##### MATERIALS PROVIDED #####
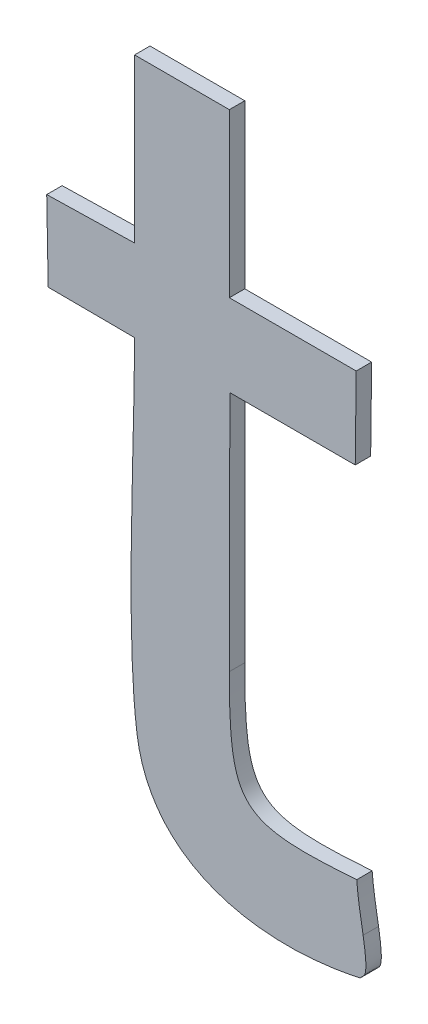
ISO-10303-21;
HEADER;
FILE_DESCRIPTION(('STEP AP214'),'2;1');
FILE_NAME('part.step','',(''),(''),'','','');
FILE_SCHEMA(('AUTOMOTIVE_DESIGN { 1 0 10303 214 1 1 1 1 }'));
ENDSEC;
DATA;
#1=APPLICATION_CONTEXT('core data for automotive mechanical design processes');
#2=APPLICATION_PROTOCOL_DEFINITION('international standard','automotive_design',2000,#1);
#3=PRODUCT_CONTEXT('',#1,'mechanical');
#4=PRODUCT('Part','Part','',(#3));
#5=PRODUCT_RELATED_PRODUCT_CATEGORY('part','',(#4));
#6=PRODUCT_DEFINITION_FORMATION('','',#4);
#7=PRODUCT_DEFINITION_CONTEXT('part definition',#1,'design');
#8=PRODUCT_DEFINITION('design','',#6,#7);
#9=PRODUCT_DEFINITION_SHAPE('','',#8);
#10=(LENGTH_UNIT() NAMED_UNIT(*) SI_UNIT(.MILLI.,.METRE.));
#11=(NAMED_UNIT(*) PLANE_ANGLE_UNIT() SI_UNIT($,.RADIAN.));
#12=(NAMED_UNIT(*) SI_UNIT($,.STERADIAN.) SOLID_ANGLE_UNIT());
#13=UNCERTAINTY_MEASURE_WITH_UNIT(LENGTH_MEASURE(1.E-05),#10,'distance_accuracy_value','');
#14=(GEOMETRIC_REPRESENTATION_CONTEXT(3) GLOBAL_UNCERTAINTY_ASSIGNED_CONTEXT((#13)) GLOBAL_UNIT_ASSIGNED_CONTEXT((#10,
#11,#12)) REPRESENTATION_CONTEXT('',''));
#15=CARTESIAN_POINT('',(0.,0.,0.));
#16=DIRECTION('',(0.,0.,1.));
#17=DIRECTION('',(1.,0.,0.));
#18=AXIS2_PLACEMENT_3D('',#15,#16,#17);
#19=CARTESIAN_POINT('',(-1.76600203125,-48.63324453125,0.001));
#20=CARTESIAN_POINT('',(-1.76600203125,-48.63324453125,0.));
#21=CARTESIAN_POINT('',(-1.773616171875,-48.6337883984375,0.001));
#22=CARTESIAN_POINT('',(-1.773616171875,-48.6337883984375,0.));
#23=CARTESIAN_POINT('',(-1.774256015625,-48.633180546875,0.001));
#24=CARTESIAN_POINT('',(-1.774256015625,-48.633180546875,0.));
#25=CARTESIAN_POINT('',(-1.774256015625,-48.625694375,0.001));
#26=CARTESIAN_POINT('',(-1.774256015625,-48.625694375,0.));
#27=B_SPLINE_SURFACE_WITH_KNOTS('',3,1,((#19,#20),(#21,#22),(#23,#24),(#25,#26)),.UNSPECIFIED.,
.F.,.F.,.F.,(4,4),(2,2),(0.3125,0.375),(0.,1.),.UNSPECIFIED.);
#28=CARTESIAN_POINT('',(-1.76600203125,-48.63324453125,0.));
#29=CARTESIAN_POINT('',(-1.773616171875,-48.6337883984375,0.));
#30=CARTESIAN_POINT('',(-1.774256015625,-48.633180546875,0.));
#31=CARTESIAN_POINT('',(-1.774256015625,-48.625694375,0.));
#32=B_SPLINE_CURVE_WITH_KNOTS('',3,(#28,#29,#30,#31),.UNSPECIFIED.,.F.,.F.,(4,4),(0.3125,0.375),.UNSPECIFIED.);
#33=CARTESIAN_POINT('',(-1.76600203125,-48.63324453125,0.));
#34=VERTEX_POINT('',#33);
#35=CARTESIAN_POINT('',(-1.774256015625,-48.625694375,0.));
#36=VERTEX_POINT('',#35);
#37=EDGE_CURVE('E11',#34,#36,#32,.T.);
#38=DIRECTION('',(0.,0.,-1.));
#39=VECTOR('',#38,1.);
#40=CARTESIAN_POINT('',(-1.774256015625,-48.625694375,0.001));
#41=LINE('',#40,#39);
#42=CARTESIAN_POINT('',(-1.774256015625,-48.625694375,0.001));
#43=VERTEX_POINT('',#42);
#44=EDGE_CURVE('E28',#43,#36,#41,.T.);
#45=CARTESIAN_POINT('',(-1.76600203125,-48.63324453125,0.001));
#46=CARTESIAN_POINT('',(-1.773616171875,-48.6337883984375,0.001));
#47=CARTESIAN_POINT('',(-1.774256015625,-48.633180546875,0.001));
#48=CARTESIAN_POINT('',(-1.774256015625,-48.625694375,0.001));
#49=B_SPLINE_CURVE_WITH_KNOTS('',3,(#45,#46,#47,#48),.UNSPECIFIED.,.F.,.F.,(4,4),(0.3125,0.375),.UNSPECIFIED.);
#50=CARTESIAN_POINT('',(-1.76600203125,-48.63324453125,0.001));
#51=VERTEX_POINT('',#50);
#52=EDGE_CURVE('E294',#51,#43,#49,.T.);
#53=DIRECTION('',(0.,0.,-1.));
#54=VECTOR('',#53,1.);
#55=CARTESIAN_POINT('',(-1.76600203125,-48.63324453125,0.001));
#56=LINE('',#55,#54);
#57=EDGE_CURVE('E40',#51,#34,#56,.T.);
#58=ORIENTED_EDGE('',*,*,#37,.T.);
#59=ORIENTED_EDGE('',*,*,#44,.F.);
#60=ORIENTED_EDGE('',*,*,#52,.F.);
#61=ORIENTED_EDGE('',*,*,#57,.T.);
#62=EDGE_LOOP('',(#58,#59,#60,#61));
#63=FACE_BOUND('',#62,.T.);
#64=ADVANCED_FACE('F17',(#63),#27,.F.);
#65=CARTESIAN_POINT('',(-1.774256015625,-48.625694375,0.001));
#66=CARTESIAN_POINT('',(-1.774256015625,-48.625694375,0.));
#67=CARTESIAN_POINT('',(-1.7742240234375,-48.6204796484375,0.001));
#68=CARTESIAN_POINT('',(-1.7742240234375,-48.6204796484375,0.));
#69=CARTESIAN_POINT('',(-1.774256015625,-48.615264921875,0.001));
#70=CARTESIAN_POINT('',(-1.774256015625,-48.615264921875,0.));
#71=CARTESIAN_POINT('',(-1.7742240234375,-48.610018203125,0.001));
#72=CARTESIAN_POINT('',(-1.7742240234375,-48.610018203125,0.));
#73=B_SPLINE_SURFACE_WITH_KNOTS('',3,1,((#65,#66),(#67,#68),(#69,#70),(#71,#72)),.UNSPECIFIED.,
.F.,.F.,.F.,(4,4),(2,2),(0.375,0.4375),(0.,1.),.UNSPECIFIED.);
#74=CARTESIAN_POINT('',(-1.774256015625,-48.625694375,0.));
#75=CARTESIAN_POINT('',(-1.7742240234375,-48.6204796484375,0.));
#76=CARTESIAN_POINT('',(-1.774256015625,-48.615264921875,0.));
#77=CARTESIAN_POINT('',(-1.7742240234375,-48.610018203125,0.));
#78=B_SPLINE_CURVE_WITH_KNOTS('',3,(#74,#75,#76,#77),.UNSPECIFIED.,.F.,.F.,(4,4),(0.375,0.4375),.UNSPECIFIED.);
#79=CARTESIAN_POINT('',(-1.7742240234375,-48.610018203125,0.));
#80=VERTEX_POINT('',#79);
#81=EDGE_CURVE('E286',#36,#80,#78,.T.);
#82=DIRECTION('',(0.,0.,-1.));
#83=VECTOR('',#82,1.);
#84=CARTESIAN_POINT('',(-1.7742240234375,-48.610018203125,0.001));
#85=LINE('',#84,#83);
#86=CARTESIAN_POINT('',(-1.7742240234375,-48.610018203125,0.001));
#87=VERTEX_POINT('',#86);
#88=EDGE_CURVE('E281',#87,#80,#85,.T.);
#89=CARTESIAN_POINT('',(-1.774256015625,-48.625694375,0.001));
#90=CARTESIAN_POINT('',(-1.7742240234375,-48.6204796484375,0.001));
#91=CARTESIAN_POINT('',(-1.774256015625,-48.615264921875,0.001));
#92=CARTESIAN_POINT('',(-1.7742240234375,-48.610018203125,0.001));
#93=B_SPLINE_CURVE_WITH_KNOTS('',3,(#89,#90,#91,#92),.UNSPECIFIED.,.F.,.F.,(4,4),(0.375,0.4375),.UNSPECIFIED.);
#94=EDGE_CURVE('E277',#43,#87,#93,.T.);
#95=ORIENTED_EDGE('',*,*,#81,.T.);
#96=ORIENTED_EDGE('',*,*,#88,.F.);
#97=ORIENTED_EDGE('',*,*,#94,.F.);
#98=ORIENTED_EDGE('',*,*,#44,.T.);
#99=EDGE_LOOP('',(#95,#96,#97,#98));
#100=FACE_BOUND('',#99,.T.);
#101=ADVANCED_FACE('F302',(#100),#73,.F.);
#102=CARTESIAN_POINT('',(0.,-48.610018203125,0.001));
#103=DIRECTION('',(0.,1.,0.));
#104=DIRECTION('',(0.,0.,1.));
#105=AXIS2_PLACEMENT_3D('',#102,#103,#104);
#106=PLANE('',#105);
#107=DIRECTION('',(1.,0.,0.));
#108=VECTOR('',#107,1.);
#109=CARTESIAN_POINT('',(0.,-48.610018203125,0.));
#110=LINE('',#109,#108);
#111=CARTESIAN_POINT('',(-1.7660980078125,-48.610018203125,0.));
#112=VERTEX_POINT('',#111);
#113=EDGE_CURVE('E275',#80,#112,#110,.T.);
#114=ORIENTED_EDGE('',*,*,#113,.T.);
#115=DIRECTION('',(0.,0.,-1.));
#116=VECTOR('',#115,1.);
#117=CARTESIAN_POINT('',(-1.7660980078125,-48.610018203125,0.001));
#118=LINE('',#117,#116);
#119=CARTESIAN_POINT('',(-1.7660980078125,-48.610018203125,0.001));
#120=VERTEX_POINT('',#119);
#121=EDGE_CURVE('E272',#120,#112,#118,.T.);
#122=ORIENTED_EDGE('',*,*,#121,.F.);
#123=DIRECTION('',(1.,0.,0.));
#124=VECTOR('',#123,1.);
#125=CARTESIAN_POINT('',(0.,-48.610018203125,0.001));
#126=LINE('',#125,#124);
#127=EDGE_CURVE('E269',#87,#120,#126,.T.);
#128=ORIENTED_EDGE('',*,*,#127,.F.);
#129=ORIENTED_EDGE('',*,*,#88,.T.);
#130=EDGE_LOOP('',(#114,#122,#128,#129));
#131=FACE_BOUND('',#130,.T.);
#132=ADVANCED_FACE('F306',(#131),#106,.F.);
#133=CARTESIAN_POINT('',(-1.1802638120411,0.0142200459281983,0.001));
#134=DIRECTION('',(-0.99992742842619,0.012047318414767,0.));
#135=DIRECTION('',(-0.012047318414767,-0.99992742842619,0.));
#136=AXIS2_PLACEMENT_3D('',#133,#134,#135);
#137=PLANE('',#136);
#138=DIRECTION('',(0.012047318414767,0.99992742842619,0.));
#139=VECTOR('',#138,1.);
#140=CARTESIAN_POINT('',(-1.1802638120411,0.0142200459281983,0.));
#141=LINE('',#140,#139);
#142=CARTESIAN_POINT('',(-1.7660340234375,-48.6047075,0.));
#143=VERTEX_POINT('',#142);
#144=EDGE_CURVE('E267',#112,#143,#141,.T.);
#145=ORIENTED_EDGE('',*,*,#144,.T.);
#146=DIRECTION('',(0.,0.,-1.));
#147=VECTOR('',#146,1.);
#148=CARTESIAN_POINT('',(-1.7660340234375,-48.6047075,0.001));
#149=LINE('',#148,#147);
#150=CARTESIAN_POINT('',(-1.7660340234375,-48.6047075,0.001));
#151=VERTEX_POINT('',#150);
#152=EDGE_CURVE('E264',#151,#143,#149,.T.);
#153=ORIENTED_EDGE('',*,*,#152,.F.);
#154=DIRECTION('',(0.012047318414767,0.99992742842619,0.));
#155=VECTOR('',#154,1.);
#156=CARTESIAN_POINT('',(-1.1802638120411,0.0142200459281983,0.001));
#157=LINE('',#156,#155);
#158=EDGE_CURVE('E261',#120,#151,#157,.T.);
#159=ORIENTED_EDGE('',*,*,#158,.F.);
#160=ORIENTED_EDGE('',*,*,#121,.T.);
#161=EDGE_LOOP('',(#145,#153,#159,#160));
#162=FACE_BOUND('',#161,.T.);
#163=ADVANCED_FACE('F310',(#162),#137,.F.);
#164=CARTESIAN_POINT('',(0.,-48.6047075,0.001));
#165=DIRECTION('',(0.,-1.,0.));
#166=DIRECTION('',(0.,0.,-1.));
#167=AXIS2_PLACEMENT_3D('',#164,#165,#166);
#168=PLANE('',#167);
#####
* [ACTIVITY]
Scan the material above for lines holding the string "VECTOR" and copy those lines.

* [ANSWER BELOW]
#39=VECTOR('',#38,1.);
#54=VECTOR('',#53,1.);
#83=VECTOR('',#82,1.);
#108=VECTOR('',#107,1.);
#116=VECTOR('',#115,1.);
#124=VECTOR('',#123,1.);
#139=VECTOR('',#138,1.);
#147=VECTOR('',#146,1.);
#155=VECTOR('',#154,1.);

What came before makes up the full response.